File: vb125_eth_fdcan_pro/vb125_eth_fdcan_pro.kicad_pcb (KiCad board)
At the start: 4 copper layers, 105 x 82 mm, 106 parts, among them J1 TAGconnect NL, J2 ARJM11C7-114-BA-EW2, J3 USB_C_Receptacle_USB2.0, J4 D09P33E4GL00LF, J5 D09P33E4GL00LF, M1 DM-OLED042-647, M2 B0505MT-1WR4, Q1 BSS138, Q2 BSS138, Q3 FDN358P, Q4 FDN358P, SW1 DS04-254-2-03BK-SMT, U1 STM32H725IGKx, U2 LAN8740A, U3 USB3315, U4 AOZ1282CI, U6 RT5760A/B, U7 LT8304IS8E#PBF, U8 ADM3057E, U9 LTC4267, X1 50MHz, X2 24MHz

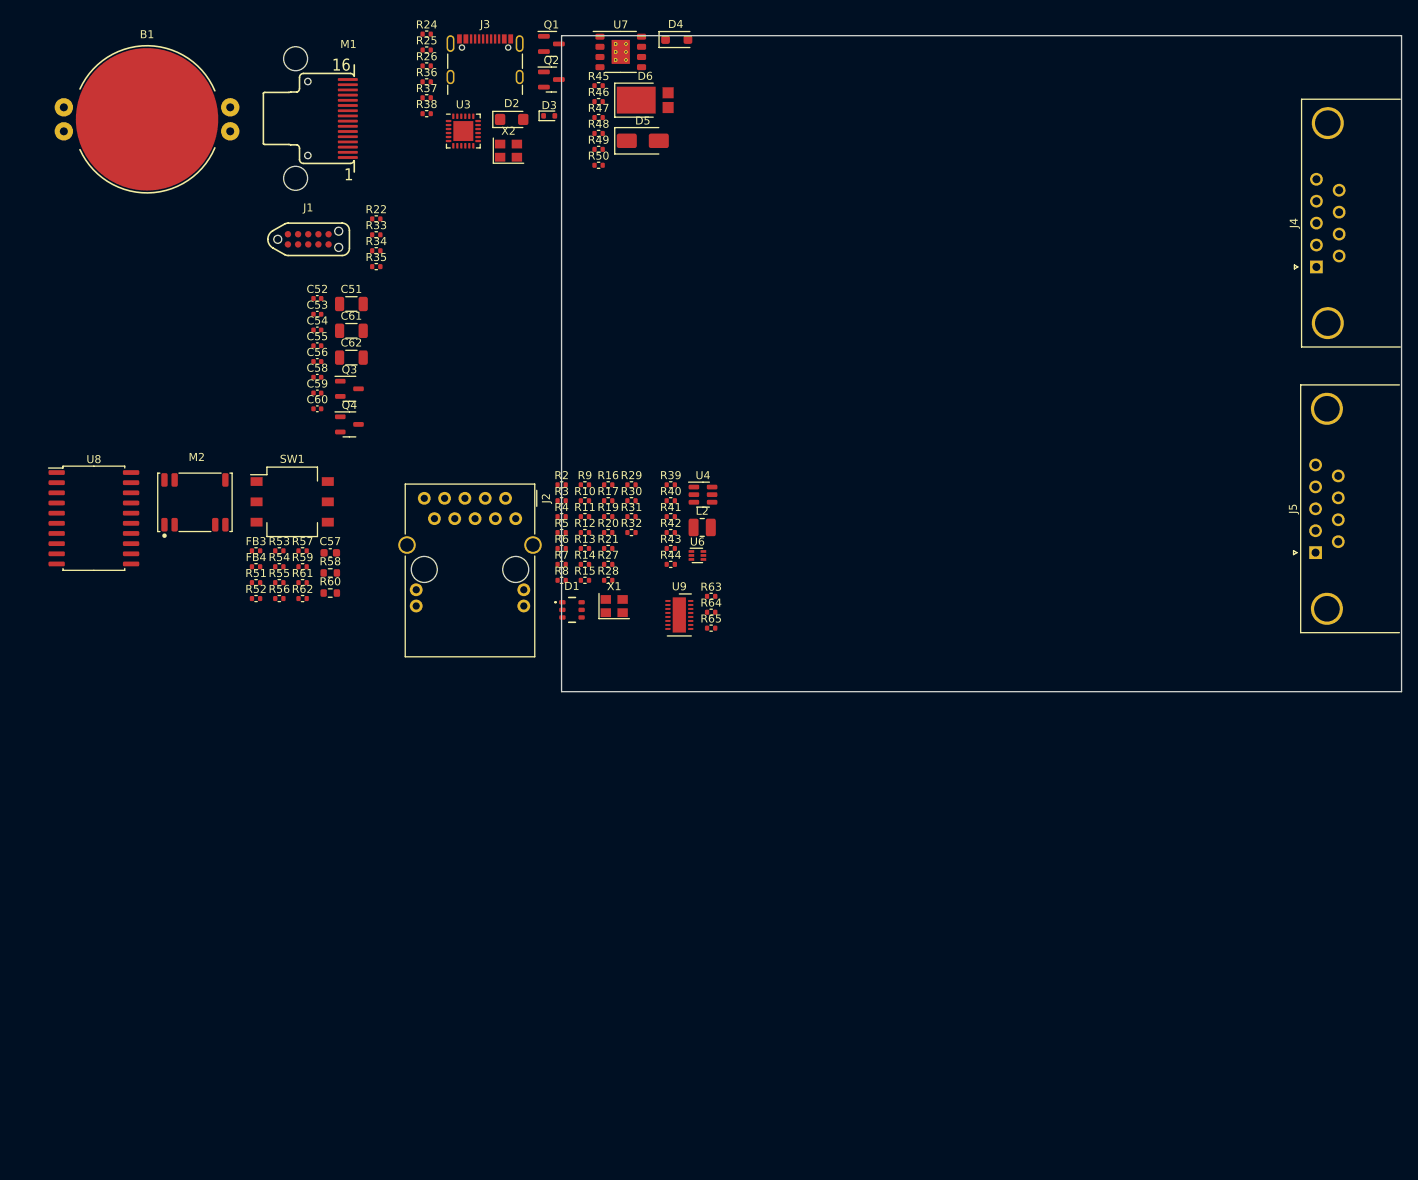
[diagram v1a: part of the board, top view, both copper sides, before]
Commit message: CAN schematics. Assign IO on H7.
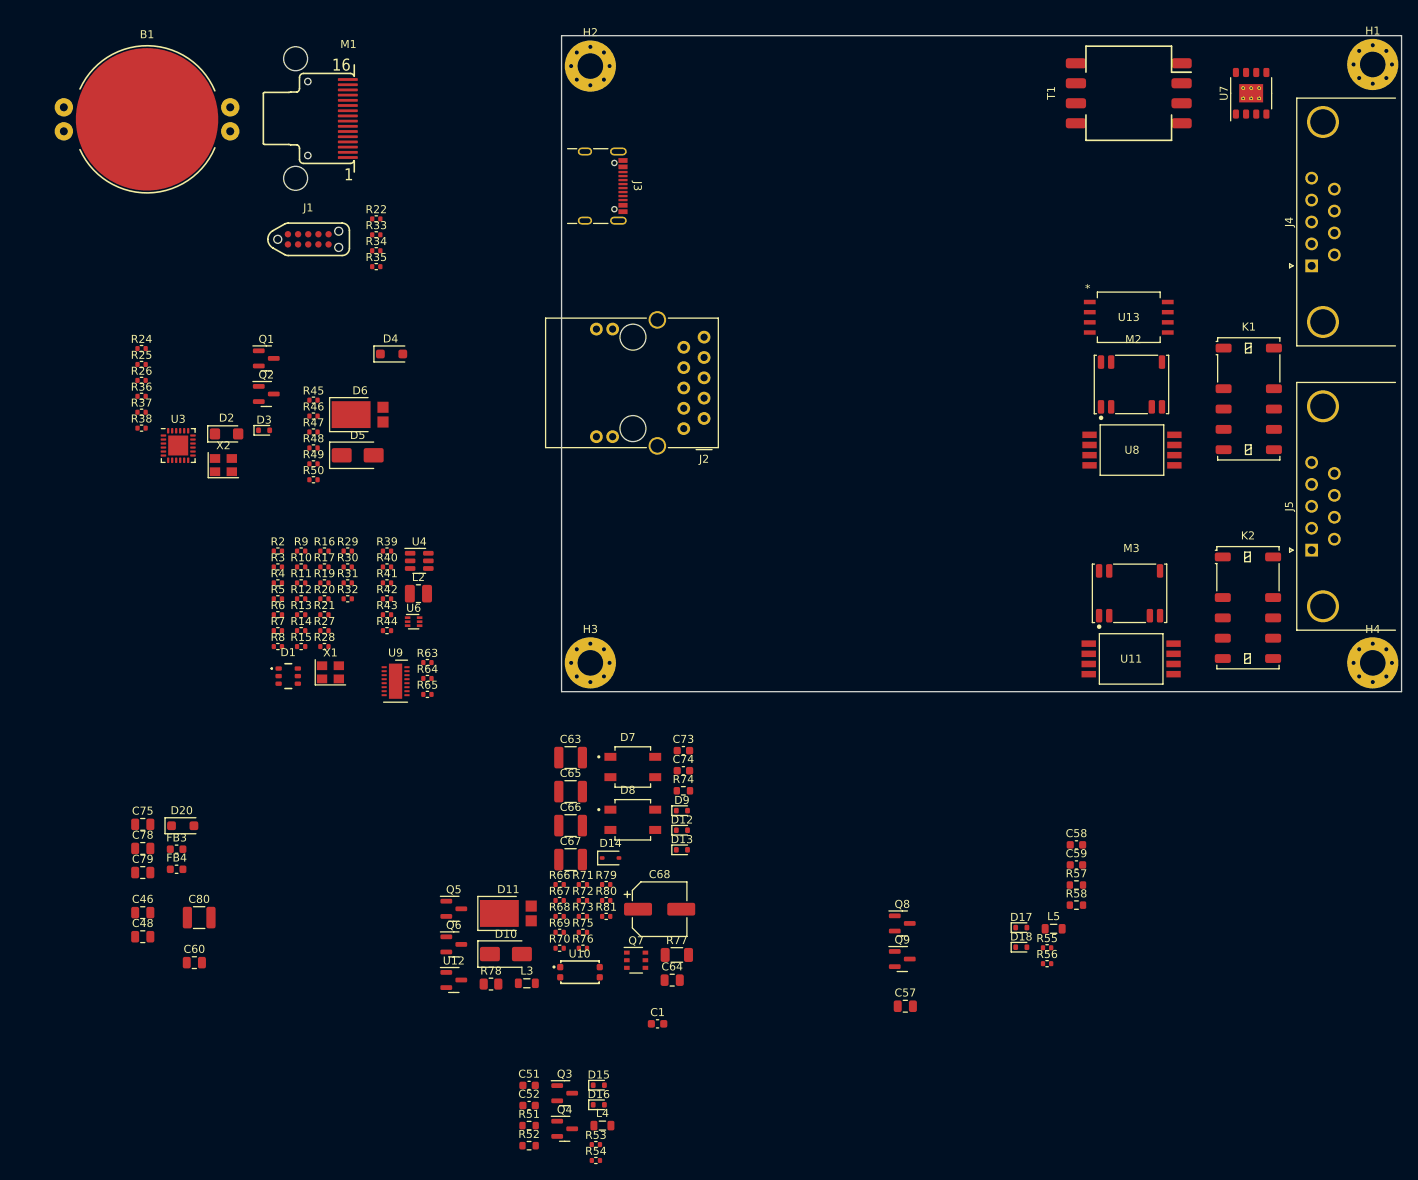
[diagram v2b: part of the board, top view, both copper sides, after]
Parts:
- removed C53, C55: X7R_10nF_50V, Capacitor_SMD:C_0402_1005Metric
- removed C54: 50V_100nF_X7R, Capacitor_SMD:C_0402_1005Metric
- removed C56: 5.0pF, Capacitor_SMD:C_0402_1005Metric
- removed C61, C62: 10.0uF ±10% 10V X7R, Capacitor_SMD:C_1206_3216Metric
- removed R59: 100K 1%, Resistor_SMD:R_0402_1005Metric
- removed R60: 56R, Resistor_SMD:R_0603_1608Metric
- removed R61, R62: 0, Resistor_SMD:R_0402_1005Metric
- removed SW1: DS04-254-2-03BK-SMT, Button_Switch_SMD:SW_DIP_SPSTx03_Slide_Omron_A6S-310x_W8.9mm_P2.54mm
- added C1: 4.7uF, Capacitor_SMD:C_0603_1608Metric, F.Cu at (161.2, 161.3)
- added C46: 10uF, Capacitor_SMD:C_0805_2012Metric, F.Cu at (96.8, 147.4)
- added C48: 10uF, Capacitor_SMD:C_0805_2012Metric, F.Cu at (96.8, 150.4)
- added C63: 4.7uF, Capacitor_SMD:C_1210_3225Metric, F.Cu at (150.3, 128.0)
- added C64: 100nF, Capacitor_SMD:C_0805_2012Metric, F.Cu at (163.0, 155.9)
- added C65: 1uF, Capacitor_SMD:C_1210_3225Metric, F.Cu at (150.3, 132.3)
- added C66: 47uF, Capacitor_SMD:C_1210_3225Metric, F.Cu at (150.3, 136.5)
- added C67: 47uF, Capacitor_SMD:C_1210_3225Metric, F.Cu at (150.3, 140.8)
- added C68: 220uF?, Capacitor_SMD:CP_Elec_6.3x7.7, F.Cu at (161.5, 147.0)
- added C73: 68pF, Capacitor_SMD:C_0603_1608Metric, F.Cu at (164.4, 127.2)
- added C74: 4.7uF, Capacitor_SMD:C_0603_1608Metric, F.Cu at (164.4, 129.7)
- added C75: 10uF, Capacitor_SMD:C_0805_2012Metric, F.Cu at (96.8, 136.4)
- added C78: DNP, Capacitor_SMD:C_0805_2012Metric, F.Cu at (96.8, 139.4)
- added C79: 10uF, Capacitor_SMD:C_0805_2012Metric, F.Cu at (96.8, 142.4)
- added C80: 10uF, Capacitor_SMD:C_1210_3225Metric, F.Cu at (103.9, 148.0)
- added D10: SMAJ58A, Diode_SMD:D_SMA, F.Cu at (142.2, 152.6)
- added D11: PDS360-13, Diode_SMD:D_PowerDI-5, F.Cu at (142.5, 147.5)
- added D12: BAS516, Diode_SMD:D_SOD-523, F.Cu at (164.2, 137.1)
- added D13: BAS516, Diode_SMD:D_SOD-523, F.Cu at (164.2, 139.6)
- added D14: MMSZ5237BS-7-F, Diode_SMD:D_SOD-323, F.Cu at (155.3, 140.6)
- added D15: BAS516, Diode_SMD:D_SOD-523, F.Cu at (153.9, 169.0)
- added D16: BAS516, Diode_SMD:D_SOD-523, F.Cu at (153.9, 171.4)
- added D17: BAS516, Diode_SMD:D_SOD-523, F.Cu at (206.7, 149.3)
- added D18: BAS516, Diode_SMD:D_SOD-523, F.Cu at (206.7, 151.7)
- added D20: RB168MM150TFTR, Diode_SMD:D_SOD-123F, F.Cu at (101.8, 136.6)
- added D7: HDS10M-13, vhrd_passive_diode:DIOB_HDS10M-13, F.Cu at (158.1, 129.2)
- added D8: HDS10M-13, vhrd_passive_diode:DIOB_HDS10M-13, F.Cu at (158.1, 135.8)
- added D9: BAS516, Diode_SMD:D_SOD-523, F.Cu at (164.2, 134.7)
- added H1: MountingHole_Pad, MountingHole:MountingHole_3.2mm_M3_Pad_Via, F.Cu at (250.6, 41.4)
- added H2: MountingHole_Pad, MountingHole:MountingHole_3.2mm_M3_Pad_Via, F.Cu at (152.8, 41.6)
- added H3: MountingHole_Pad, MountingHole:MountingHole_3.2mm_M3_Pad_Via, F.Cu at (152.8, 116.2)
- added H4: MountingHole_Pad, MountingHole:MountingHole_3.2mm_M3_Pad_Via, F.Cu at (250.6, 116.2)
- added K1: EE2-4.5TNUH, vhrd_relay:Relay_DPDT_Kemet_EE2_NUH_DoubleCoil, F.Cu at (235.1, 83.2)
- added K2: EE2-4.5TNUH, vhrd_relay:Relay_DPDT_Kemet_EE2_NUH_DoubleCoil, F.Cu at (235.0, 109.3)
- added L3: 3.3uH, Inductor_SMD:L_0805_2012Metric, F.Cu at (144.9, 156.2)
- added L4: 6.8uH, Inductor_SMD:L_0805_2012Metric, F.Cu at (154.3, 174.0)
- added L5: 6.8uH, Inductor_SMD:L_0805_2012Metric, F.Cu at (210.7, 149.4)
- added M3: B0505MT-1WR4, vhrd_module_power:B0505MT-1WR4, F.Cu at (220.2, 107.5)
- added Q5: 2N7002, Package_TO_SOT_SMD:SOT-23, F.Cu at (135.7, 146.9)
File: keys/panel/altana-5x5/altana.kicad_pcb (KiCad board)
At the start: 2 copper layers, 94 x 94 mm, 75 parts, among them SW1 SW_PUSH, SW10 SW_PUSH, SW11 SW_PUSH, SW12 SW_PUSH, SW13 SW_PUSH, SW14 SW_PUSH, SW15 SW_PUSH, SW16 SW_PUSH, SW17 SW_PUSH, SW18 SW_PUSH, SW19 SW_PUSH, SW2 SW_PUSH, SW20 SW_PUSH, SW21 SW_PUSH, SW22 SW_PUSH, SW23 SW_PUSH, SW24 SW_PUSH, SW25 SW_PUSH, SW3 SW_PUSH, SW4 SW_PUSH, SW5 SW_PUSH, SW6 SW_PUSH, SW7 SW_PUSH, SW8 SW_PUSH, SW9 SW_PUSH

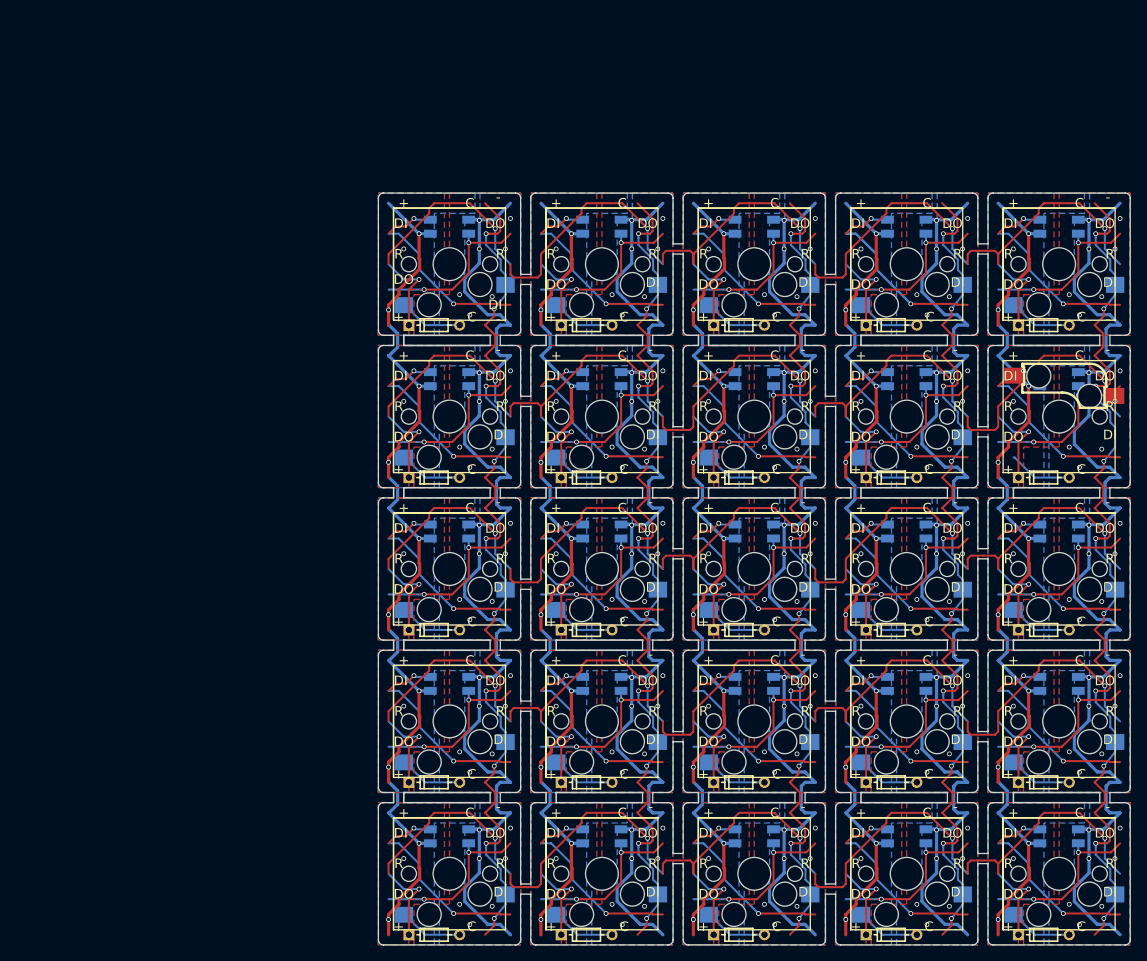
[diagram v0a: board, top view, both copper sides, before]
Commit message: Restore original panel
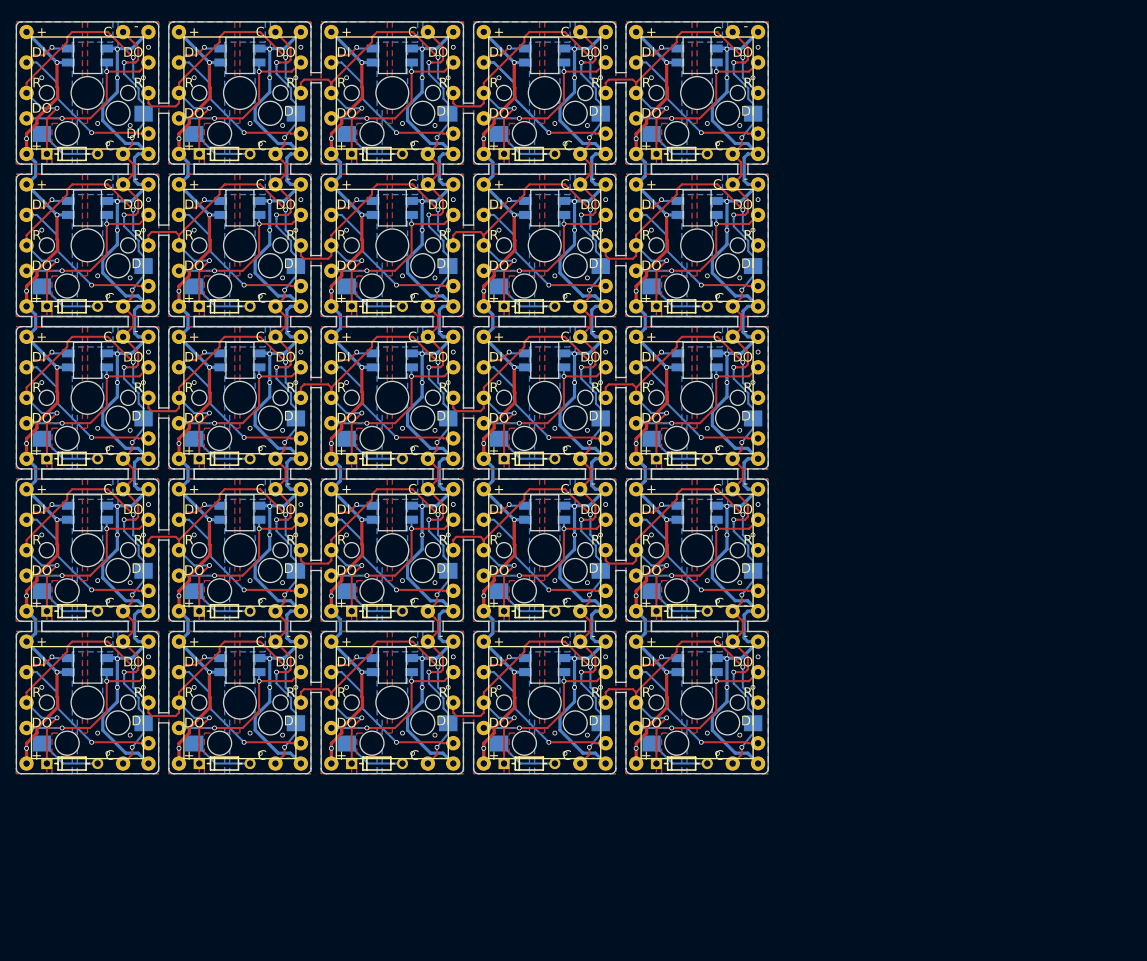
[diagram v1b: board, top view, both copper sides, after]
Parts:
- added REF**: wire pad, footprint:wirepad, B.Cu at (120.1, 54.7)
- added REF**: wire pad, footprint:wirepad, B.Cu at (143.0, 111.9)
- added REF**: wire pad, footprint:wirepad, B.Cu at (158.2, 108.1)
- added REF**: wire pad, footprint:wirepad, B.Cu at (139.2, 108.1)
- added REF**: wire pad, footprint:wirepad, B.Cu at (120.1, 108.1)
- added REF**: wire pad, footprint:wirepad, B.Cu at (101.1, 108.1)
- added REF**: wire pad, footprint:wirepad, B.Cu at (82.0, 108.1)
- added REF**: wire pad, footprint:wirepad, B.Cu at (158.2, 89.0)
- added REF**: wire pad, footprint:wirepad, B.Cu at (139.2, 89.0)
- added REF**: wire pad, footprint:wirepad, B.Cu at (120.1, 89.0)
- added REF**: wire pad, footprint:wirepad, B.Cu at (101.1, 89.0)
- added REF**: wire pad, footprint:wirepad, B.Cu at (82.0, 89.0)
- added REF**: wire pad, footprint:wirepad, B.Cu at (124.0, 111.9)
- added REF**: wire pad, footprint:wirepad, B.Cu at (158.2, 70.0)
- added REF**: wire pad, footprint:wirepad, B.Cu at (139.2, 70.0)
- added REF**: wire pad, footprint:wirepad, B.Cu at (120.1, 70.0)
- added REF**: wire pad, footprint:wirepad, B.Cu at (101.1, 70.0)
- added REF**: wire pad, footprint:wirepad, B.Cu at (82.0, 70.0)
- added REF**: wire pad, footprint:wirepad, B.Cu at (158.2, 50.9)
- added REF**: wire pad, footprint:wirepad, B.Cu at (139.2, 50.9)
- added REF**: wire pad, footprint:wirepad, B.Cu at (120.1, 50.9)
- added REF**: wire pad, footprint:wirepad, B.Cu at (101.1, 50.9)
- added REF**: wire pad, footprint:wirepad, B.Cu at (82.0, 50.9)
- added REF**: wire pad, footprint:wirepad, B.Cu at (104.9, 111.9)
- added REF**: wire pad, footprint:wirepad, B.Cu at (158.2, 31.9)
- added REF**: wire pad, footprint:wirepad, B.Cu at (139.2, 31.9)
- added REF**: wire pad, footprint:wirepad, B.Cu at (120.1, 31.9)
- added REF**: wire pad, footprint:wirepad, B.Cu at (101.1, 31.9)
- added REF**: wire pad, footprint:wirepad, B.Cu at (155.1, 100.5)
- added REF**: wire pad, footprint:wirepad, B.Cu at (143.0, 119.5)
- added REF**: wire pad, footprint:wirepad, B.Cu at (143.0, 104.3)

---*---

> **Exercise aim**:
Which lines of the records above contain the word "layers"? Copy each of them.

> **Task response**:
At the start: 4 copper layers, 105 x 82 mm, 106 parts, among them J1 TAGconnect NL, J2 ARJM11C7-114-BA-EW2, J3 USB_C_Receptacle_USB2.0, J4 D09P33E4GL00LF, J5 D09P33E4GL00LF, M1 DM-OLED042-647, M2 B0505MT-1WR4, Q1 BSS138, Q2 BSS138, Q3 FDN358P, Q4 FDN358P, SW1 DS04-254-2-03BK-SMT, U1 STM32H725IGKx, U2 LAN8740A, U3 USB3315, U4 AOZ1282CI, U6 RT5760A/B, U7 LT8304IS8E#PBF, U8 ADM3057E, U9 LTC4267, X1 50MHz, X2 24MHz
At the start: 2 copper layers, 94 x 94 mm, 75 parts, among them SW1 SW_PUSH, SW10 SW_PUSH, SW11 SW_PUSH, SW12 SW_PUSH, SW13 SW_PUSH, SW14 SW_PUSH, SW15 SW_PUSH, SW16 SW_PUSH, SW17 SW_PUSH, SW18 SW_PUSH, SW19 SW_PUSH, SW2 SW_PUSH, SW20 SW_PUSH, SW21 SW_PUSH, SW22 SW_PUSH, SW23 SW_PUSH, SW24 SW_PUSH, SW25 SW_PUSH, SW3 SW_PUSH, SW4 SW_PUSH, SW5 SW_PUSH, SW6 SW_PUSH, SW7 SW_PUSH, SW8 SW_PUSH, SW9 SW_PUSH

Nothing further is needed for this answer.